1868 rows × 20 columns

Note that data is all derived from Kaggle’s data; that in and of itself represents quite a bit of work.

The data frames train and infer are very similar. Let’s check out the relationships:

print("Things in train but not infer: ", set(train.columns).difference(set(infer)))
print("Things in infer but not train: ", set(infer.columns).difference(set(train)))
print("Things in common: ", set(train.columns).intersection(set(infer)))

Things in train but not infer:  {'LTeamID', 'Outcome', 'WTeamID'}
Things in infer but not train:  {'TeamID2', 'TeamID1'}
Things in common:  {'APGDiff', 'SPGDiff', 'ThreePctDiff', 'FGPctDiff', 'AvgPointDiffDiff', 'SeedDiff', 'conf_ratingDiff', 'WinPctDiff', 'PFGDiff', 'TOPGDiff', 'team_ratingDiff', 'ORPGDiff', 'PPGDiff', 'Season', 'DRPGDiff', 'FTPctDiff', 'BPGDiff'}

OK, let’s build and train a model:

features = ['team_ratingDiff', 'SeedDiff', 'WinPctDiff']
X = train[features].values
y = train["Outcome"].values
scaler = StandardScaler()
X_scaled = scaler.fit_transform(X)
model = LogisticRegression(C=0.5)
model.fit(X_scaled, y)
model

LogisticRegression(C=0.5)

In a Jupyter environment, please rerun this cell to show the HTML representation or trust the notebook.
On GitHub, the HTML representation is unable to render, please try loading this page with nbviewer.org.

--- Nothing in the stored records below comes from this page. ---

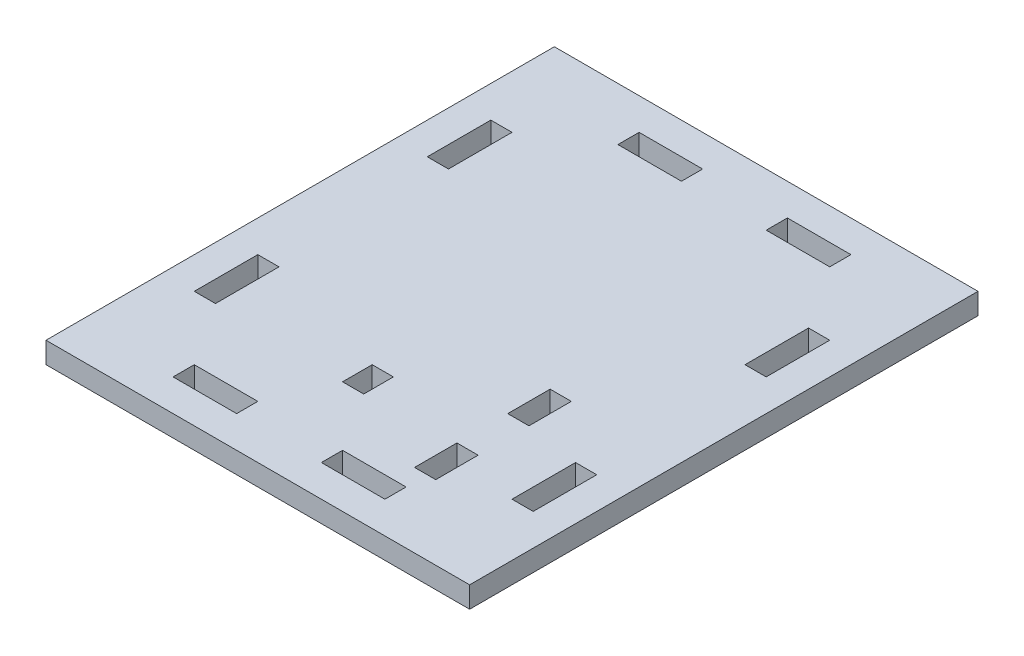
from build123d import *

# Parameters (mm, degrees)
SKETCH1_W         = 127
SKETCH1_H         = 152.4
SKETCH1_W_2       = 19.05
SKETCH1_H_2       = 6.35
SKETCH1_W_3       = 6.35
SKETCH1_H_3       = 19.05
BASE_DEPTH        = 6.35
SKETCH2_W         = 6.35
SKETCH2_H         = 12.7
SKETCH2_H_2       = 8.89
MOTORMOUNTS_DEPTH = 100.3932216


with BuildPart() as part:
    # Sketch1 → BASE (new body)
    with BuildSketch(Plane(origin=(0, 0, 0), x_dir=(1, 0, 0), z_dir=(0, 1, 0))):
        Rectangle(SKETCH1_W, SKETCH1_H)
        with Locations((-19.05, 63.5)):
            Rectangle(SKETCH1_W_2, SKETCH1_H_2, mode=Mode.SUBTRACT)
        with Locations((25.4, 63.5)):
            Rectangle(SKETCH1_W_2, SKETCH1_H_2, mode=Mode.SUBTRACT)
        with Locations((-50.8, 38.1)):
            Rectangle(SKETCH1_W_3, SKETCH1_H_3, mode=Mode.SUBTRACT)
        with Locations((-50.8, -31.75)):
            Rectangle(SKETCH1_W_3, SKETCH1_H_3, mode=Mode.SUBTRACT)
        with Locations((-25.4, -63.5)):
            Rectangle(SKETCH1_W_2, SKETCH1_H_2, mode=Mode.SUBTRACT)
        with Locations((19.05, -63.5)):
            Rectangle(SKETCH1_W_2, SKETCH1_H_2, mode=Mode.SUBTRACT)
        with Locations((50.8, -38.1)):
            Rectangle(SKETCH1_W_3, SKETCH1_H_3, mode=Mode.SUBTRACT)
        with Locations((50.8, 31.75)):
            Rectangle(SKETCH1_W_3, SKETCH1_H_3, mode=Mode.SUBTRACT)
    extrude(amount=BASE_DEPTH)

    # Sketch2 → MOTORMOUNTS (cut, through all)
    with BuildSketch(Plane(origin=(0, 6.35, 0), x_dir=(1, 0, 0), z_dir=(0, 1, 0))):
        with Locations((27.94, -19.685)):
            Rectangle(SKETCH2_W, SKETCH2_H)
        with Locations((27.94, -47.625)):
            Rectangle(SKETCH2_W, SKETCH2_H)
        with Locations((-5.08, -38.1)):
            Rectangle(SKETCH2_W, SKETCH2_H_2)
    extrude(amount=-MOTORMOUNTS_DEPTH, mode=Mode.SUBTRACT)


solid = part.part

And now, the prediction data frame:

pred = model.predict_proba(infer[features].values)
ID = infer.apply(lambda r:
   f'2025_{int(r.TeamID1)}_{int(r.TeamID2)}', 
   axis = 1
)
pd.DataFrame({'ID': ID, 'pred': [p[1] for p in pred]})

	ID	pred
0	2025_1103_1104	0.389727
1	2025_1103_1106	0.543172
2	2025_1103_1110	0.539127
3	2025_1103_1112	0.414363
4	2025_1103_1116	0.476587
...	...	...
2273	2025_1459_1463	0.469689
2274	2025_1459_1471	0.453974
2275	2025_1462_1463	0.517301
2276	2025_1462_1471	0.501500
2277	2025_1463_1471	0.484197

2278 rows × 2 columns

If we export that to CSV, we get a valid (though certainly not winning) Kaggle submission!

Comments

There’s clearly a lot leading up to this point.

Data processing,
Determination of hyperparameters via cross validation, such as
- Parameters in the determination of the eigenvalues, and
- a constant \(C\) bounding the norm of the vector of model coefficients to fight overfitting.